# Wikipedia Porto/Lisboa



## fredj.mor (6 Dez 2009 às 03:13)

Estava eu a verificar as temperaturas das cidade do Porto e Lisboa no Wikipédia, e não é que para meu espanto vejo em certos casos temperaturas máximas menos elevadas registadas em Lisboa. Isto não é verdade e necessita imediatamente de correcção. Para além de que me deixa muito a desconfiar esses valores de Lisboa de temperaturas mínimas record atingidas, bem como de temperaturas máximas record, que nunca na vida seriam na realidade menores que as do Porto. Já os valores mínimos do Porto, penso que estejam em certos casos mal, pois já foram registados mais baixos, por exemplo em Janeiro e Dezembro. Não se queira enganar o povo 

Já agora deixo aqui o link: http://szerinting.blogspot.com/2009/06/o-reino-de-portugal-em-1766.html Não levem a mal, mas isto é claro o retrato da época por um general francês, mas diz ainda assim muita coisa.


----------



## Skizzo (6 Dez 2009 às 16:13)

Para o Porto foi utilizado as normas do IM, de 1971-2000. O problema é que utilizam os recordes maximos e minimos de apenas nesses 30 anos, ignorando os valores atingidos noutras épocas (maximos e minimos). Já o de Lisboa parece-me bem, utiliza os recordes registados durante todo o seculo passado e este.


----------



## joseoliveira (6 Dez 2009 às 16:15)

Devido a já demasiados atentados à nossa inteligência, os suficientes para concluirmos que confiar cegamente em pelo menos quase tudo o que por lá aparece, leva-me a afirmar que esta biblioteca vale o que vale!

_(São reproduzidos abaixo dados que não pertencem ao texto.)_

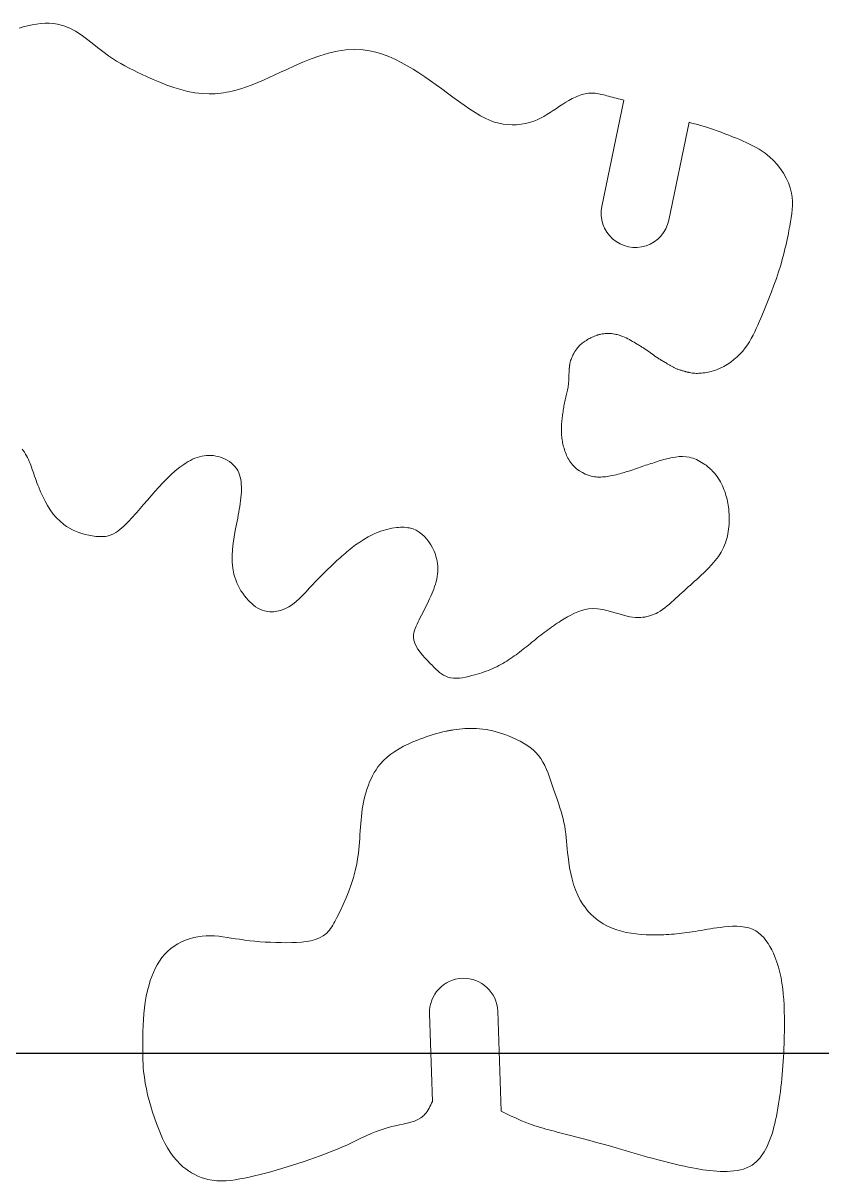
# Model space of a CAD drawing. Header units: millimetres. Extents: x -0.1 to 63, y 0 to 35.
# Drawn here: x 22.11 to 26.5, y 23.24 to 29.6 of the extents above; entities that cross this region are included whole.
import ezdxf

# ---------------------------------------------------------------- set-up
doc = ezdxf.new("R2010")
doc.units = ezdxf.units.MM
doc.header["$MEASUREMENT"] = 0
doc.layers.get('0').update_dxf_attribs({"linetype": 'CONTINUOUS'})
doc.layers.add('layout2', color=7, linetype='CONTINUOUS', lineweight=0)

msp = doc.modelspace()

# ---------------------------------------------------------------- linework, layer by layer
at = {"color": 3, "linetype": 'CONTINUOUS'}
msp.add_line((29.9759, 23.9377), (-0.0241, 23.9377), dxfattribs=at)
at = {"layer": 'layout2', "color": 1, "linetype": 'CONTINUOUS'}
for p, q in [((25.2893, 28.5907), (25.4102, 29.1751)), ((25.6568, 28.5147), (25.7681, 29.0529))]:
    msp.add_line(p, q, dxfattribs=at)
at = {"layer": 'layout2', "color": 3, "linetype": 'CONTINUOUS'}
for p, q in [((24.3427, 24.1563), (24.3588, 23.6733)), ((24.7178, 24.1688), (24.7361, 23.62))]:
    msp.add_line(p, q, dxfattribs=at)
at = {"layer": 'layout2', "color": 6, "linetype": 'CONTINUOUS'}
for points in [[(22.0881, 29.5704), (22.1117, 29.5768), (22.1355, 29.5828), (22.1595, 29.588), (22.1834, 29.5923), (22.2073, 29.5955), (22.231, 29.5974), (22.2544, 29.5977), (22.2775, 29.5963), (22.3, 29.5929), (22.3338, 29.5837), (22.3664, 29.5702), (22.398, 29.5531), (22.4289, 29.5332), (22.4592, 29.5113), (22.4892, 29.4882), (22.5191, 29.4645), (22.5491, 29.4411), (22.5793, 29.4187), (22.6015, 29.4035), (22.624, 29.3892), (22.6467, 29.3756), (22.6697, 29.3627), (22.6929, 29.3504), (22.7163, 29.3385), (22.74, 29.327), (22.764, 29.3158), (22.7881, 29.3047), (22.8249, 29.2884), (22.8621, 29.2727), (22.8998, 29.2579), (22.9378, 29.2444), (22.9763, 29.2326), (23.015, 29.2228), (23.0541, 29.2153), (23.0934, 29.2106), (23.133, 29.209), (23.1488, 29.2093), (23.1646, 29.2102), (23.1804, 29.2115), (23.1962, 29.2132), (23.2119, 29.2155), (23.2276, 29.2181), (23.2431, 29.2212), (23.2586, 29.2246), (23.274, 29.2284), (23.3062, 29.2375), (23.338, 29.2478), (23.3693, 29.2593), (23.4003, 29.2718), (23.4312, 29.285), (23.4619, 29.2988), (23.4927, 29.313), (23.5236, 29.3275), (23.5548, 29.3421), (23.6004, 29.3629), (23.6465, 29.3829), (23.6932, 29.4015), (23.7403, 29.4182), (23.7877, 29.4322), (23.8352, 29.4432), (23.8828, 29.4504), (23.9302, 29.4532), (23.9775, 29.4511), (24.0132, 29.4459), (24.0487, 29.4378), (24.0838, 29.4271), (24.1185, 29.414), (24.1529, 29.399), (24.1866, 29.3822), (24.2199, 29.364), (24.2525, 29.3447), (24.2843, 29.3245), (24.3166, 29.3029), (24.3483, 29.2809), (24.3794, 29.2586), (24.4102, 29.2361), (24.4408, 29.2134), (24.4714, 29.1909), (24.5022, 29.1685), (24.5332, 29.1465), (24.5648, 29.1249), (24.579, 29.1155), (24.5933, 29.1063), (24.6078, 29.0973), (24.6226, 29.0888), (24.6376, 29.0806), (24.6528, 29.073), (24.6683, 29.0661), (24.6842, 29.0598), (24.7004, 29.0543), (24.7237, 29.048), (24.7476, 29.0434), (24.7719, 29.0405), (24.7964, 29.0393), (24.8209, 29.0398), (24.8452, 29.042), (24.8691, 29.0459), (24.8925, 29.0515), (24.9152, 29.0588), (24.934, 29.0664), (24.9523, 29.0751), (24.9701, 29.0847), (24.9876, 29.0951), (25.0049, 29.106), (25.0221, 29.1174), (25.0394, 29.1291), (25.0569, 29.1409), (25.0746, 29.1526), (25.0914, 29.1633), (25.1085, 29.1735), (25.1259, 29.1831), (25.1436, 29.1918), (25.1615, 29.1993), (25.1797, 29.2055), (25.198, 29.2102), (25.2165, 29.213), (25.2351, 29.2138), (25.2441, 29.2134), (25.2531, 29.2125), (25.2621, 29.2113), (25.2711, 29.2097), (25.2801, 29.2078), (25.2891, 29.2057), (25.2981, 29.2035), (25.307, 29.2012), (25.316, 29.1988), (25.3265, 29.1961), (25.3371, 29.1934), (25.3476, 29.1907), (25.358, 29.188), (25.3685, 29.1854), (25.3789, 29.1828), (25.3893, 29.1802), (25.3997, 29.1776), (25.4102, 29.1751)], [(24.3588, 23.6733), (24.3542, 23.6638), (24.3496, 23.6544), (24.3448, 23.6452), (24.3399, 23.6362), (24.3348, 23.6274), (24.3293, 23.619), (24.3236, 23.611), (24.3175, 23.6035), (24.3109, 23.5965), (24.2958, 23.5841), (24.2788, 23.5739), (24.2603, 23.5657), (24.2406, 23.559), (24.22, 23.5534), (24.1987, 23.5487), (24.177, 23.5443), (24.1554, 23.5399), (24.1339, 23.5351), (24.1047, 23.5273), (24.0765, 23.5181), (24.049, 23.5079), (24.0221, 23.4968), (23.9956, 23.4851), (23.9695, 23.4729), (23.9435, 23.4605), (23.9175, 23.4481), (23.8914, 23.4359), (23.862, 23.4228), (23.8323, 23.4101), (23.8023, 23.3979), (23.772, 23.3861), (23.7416, 23.3747), (23.711, 23.3637), (23.6803, 23.3529), (23.6496, 23.3425), (23.6188, 23.3323), (23.5895, 23.3229), (23.5602, 23.3137), (23.5309, 23.3048), (23.5014, 23.2961), (23.4719, 23.2877), (23.4421, 23.2797), (23.4122, 23.272), (23.382, 23.2647), (23.3516, 23.2577), (23.3265, 23.2524), (23.3012, 23.2476), (23.2759, 23.2434), (23.2506, 23.2402), (23.2252, 23.2381), (23.2, 23.2374), (23.1749, 23.2382), (23.1499, 23.2408), (23.1253, 23.2454), (23.1068, 23.2503), (23.0886, 23.2564), (23.0706, 23.2636), (23.0531, 23.272), (23.0361, 23.2813), (23.0196, 23.2916), (23.0038, 23.3028), (22.9887, 23.3148), (22.9743, 23.3277), (22.9541, 23.3484), (22.9356, 23.3707), (22.9188, 23.3943), (22.9035, 23.4189), (22.8895, 23.4445), (22.8766, 23.4709), (22.8646, 23.4979), (22.8535, 23.5253), (22.843, 23.5529), (22.8319, 23.5842), (22.8214, 23.6156), (22.8116, 23.6471), (22.8027, 23.6787), (22.7947, 23.7104), (22.7876, 23.7423), (22.7815, 23.7743), (22.7765, 23.8065), (22.7727, 23.8388), (22.7709, 23.8594), (22.7695, 23.8801), (22.7685, 23.9008), (22.7678, 23.9216), (22.7675, 23.9424), (22.7674, 23.9632), (22.7676, 23.9841), (22.7679, 24.0049), (22.7683, 24.0258), (22.7691, 24.0582), (22.7703, 24.0906), (22.772, 24.123), (22.7743, 24.1553), (22.7775, 24.1874), (22.7817, 24.2195), (22.7871, 24.2514), (22.7939, 24.2832), (22.8021, 24.3149), (22.8092, 24.3376), (22.8171, 24.3601), (22.8261, 24.3822), (22.8362, 24.4038), (22.8474, 24.4247), (22.8598, 24.4448), (22.8734, 24.4639), (22.8884, 24.4819), (22.9048, 24.4987), (22.9222, 24.5137), (22.9409, 24.5274), (22.9607, 24.5396), (22.9814, 24.5504), (23.0028, 24.5598), (23.0249, 24.5676), (23.0474, 24.574), (23.0703, 24.5788), (23.0933, 24.582), (23.1164, 24.5836), (23.1394, 24.5838), (23.1625, 24.5829), (23.1855, 24.581), (23.2084, 24.5783), (23.2313, 24.5751), (23.2541, 24.5715), (23.2768, 24.5679), (23.2994, 24.5644), (23.3276, 24.5604), (23.3559, 24.5569), (23.3841, 24.5539), (23.4124, 24.5514), (23.4409, 24.5494), (23.4698, 24.5479), (23.499, 24.5468), (23.5287, 24.5461), (23.5591, 24.5459), (23.5859, 24.5461), (23.6128, 24.5469), (23.6396, 24.5487), (23.6659, 24.5519), (23.6914, 24.5566), (23.7157, 24.5634), (23.7385, 24.5725), (23.7594, 24.5842), (23.7781, 24.5989), (23.7858, 24.6066), (23.7929, 24.6149), (23.7997, 24.6237), (23.8061, 24.6329), (23.8122, 24.6425), (23.818, 24.6525), (23.8236, 24.6626), (23.829, 24.6729), (23.8343, 24.6833), (23.8523, 24.7196), (23.8692, 24.756), (23.8851, 24.7925), (23.8997, 24.8292), (23.913, 24.8662), (23.9248, 24.9034), (23.935, 24.9409), (23.9434, 24.9789), (23.9499, 25.0172), (23.9526, 25.0373), (23.9548, 25.0575), (23.9566, 25.0778), (23.9582, 25.0982), (23.9595, 25.1186), (23.9608, 25.139), (23.9621, 25.1595), (23.9634, 25.1799), (23.9649, 25.2004), (23.9666, 25.22), (23.9686, 25.2396), (23.971, 25.2591), (23.9737, 25.2786), (23.9768, 25.298), (23.9804, 25.3173), (23.9846, 25.3366), (23.9893, 25.3558), (23.9946, 25.3749), (24.0003, 25.3931), (24.0067, 25.4111), (24.0137, 25.4289), (24.0214, 25.4463), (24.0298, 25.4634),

Acredito que é uma opinião que infelizmente é cada vez mais unânime!

Raramente a consulto, mas quando o faço, tenho sempre o receio de ser induzido a erro e não descanso enquanto não vejo alternativas na busca de pontos comuns.


----------



## AnDré (6 Dez 2009 às 18:29)

Skizzo disse:


> Para o Porto foi utilizado as normas do IM, de 1971-2000. O problema é que utilizam os recordes maximos e minimos de apenas nesses 30 anos, ignorando os valores atingidos noutras épocas (maximos e minimos). Já o de Lisboa parece-me bem, utiliza os recordes registados durante todo o seculo passado e este.



Os de Lisboa também não estão correctos.
Valores que saltam à vista (Records das máximas): 
A de Junho é 41,5ºC e não 38ºC.
A de Dezembro é 25,1ºC e não 21ºC
A de Janeiro é 22,6ºC e não 21ºC. 
A de Setembro é superior aos 36ºC da tabela.
As de Março e Maio também não são aqueles...

A não ser que considerem outra estação que não o Geofísico.  Mas ainda assim...


----------



## Skizzo (6 Dez 2009 às 18:33)

pode ser as de Gago Coutinho, nao sei, não estou por dentro das temperaturas de Lisboa.


----------



## Daniel Vilão (6 Dez 2009 às 19:00)

AnDré disse:


> Os de Lisboa também não estão correctos.
> Valores que saltam à vista (Records das máximas):
> A de Junho é 41,5ºC e não 38ºC.
> A de Dezembro é 25,1ºC e não 21ºC
> ...



Para valores absolutos, vale ir buscar todos os dados, seja do Geofísico, seja de Gago Coutinho. O que não pode entrar nunca são as RUEMAs.

No entanto, os valores de Lisboa são realmente superiores a esses. A máxima absoluta no Geofísico anda certamente um pouco acima dos 42 ºC e foi atingida há algumas décadas. O valor de 2003 no Geofísico não subiu assim tanto. Por isso, mesmo no aeroporto, em Gago Coutinho, tendo-se atingido os 42 ºC em 2003, como a estação tem menos de 20 anos, se lá tivesse estado desde há algumas décadas o record seria superior, até. O local da estação de Gago Coutinho é mais dado a extremos do que o Geofísico, claramente.


----------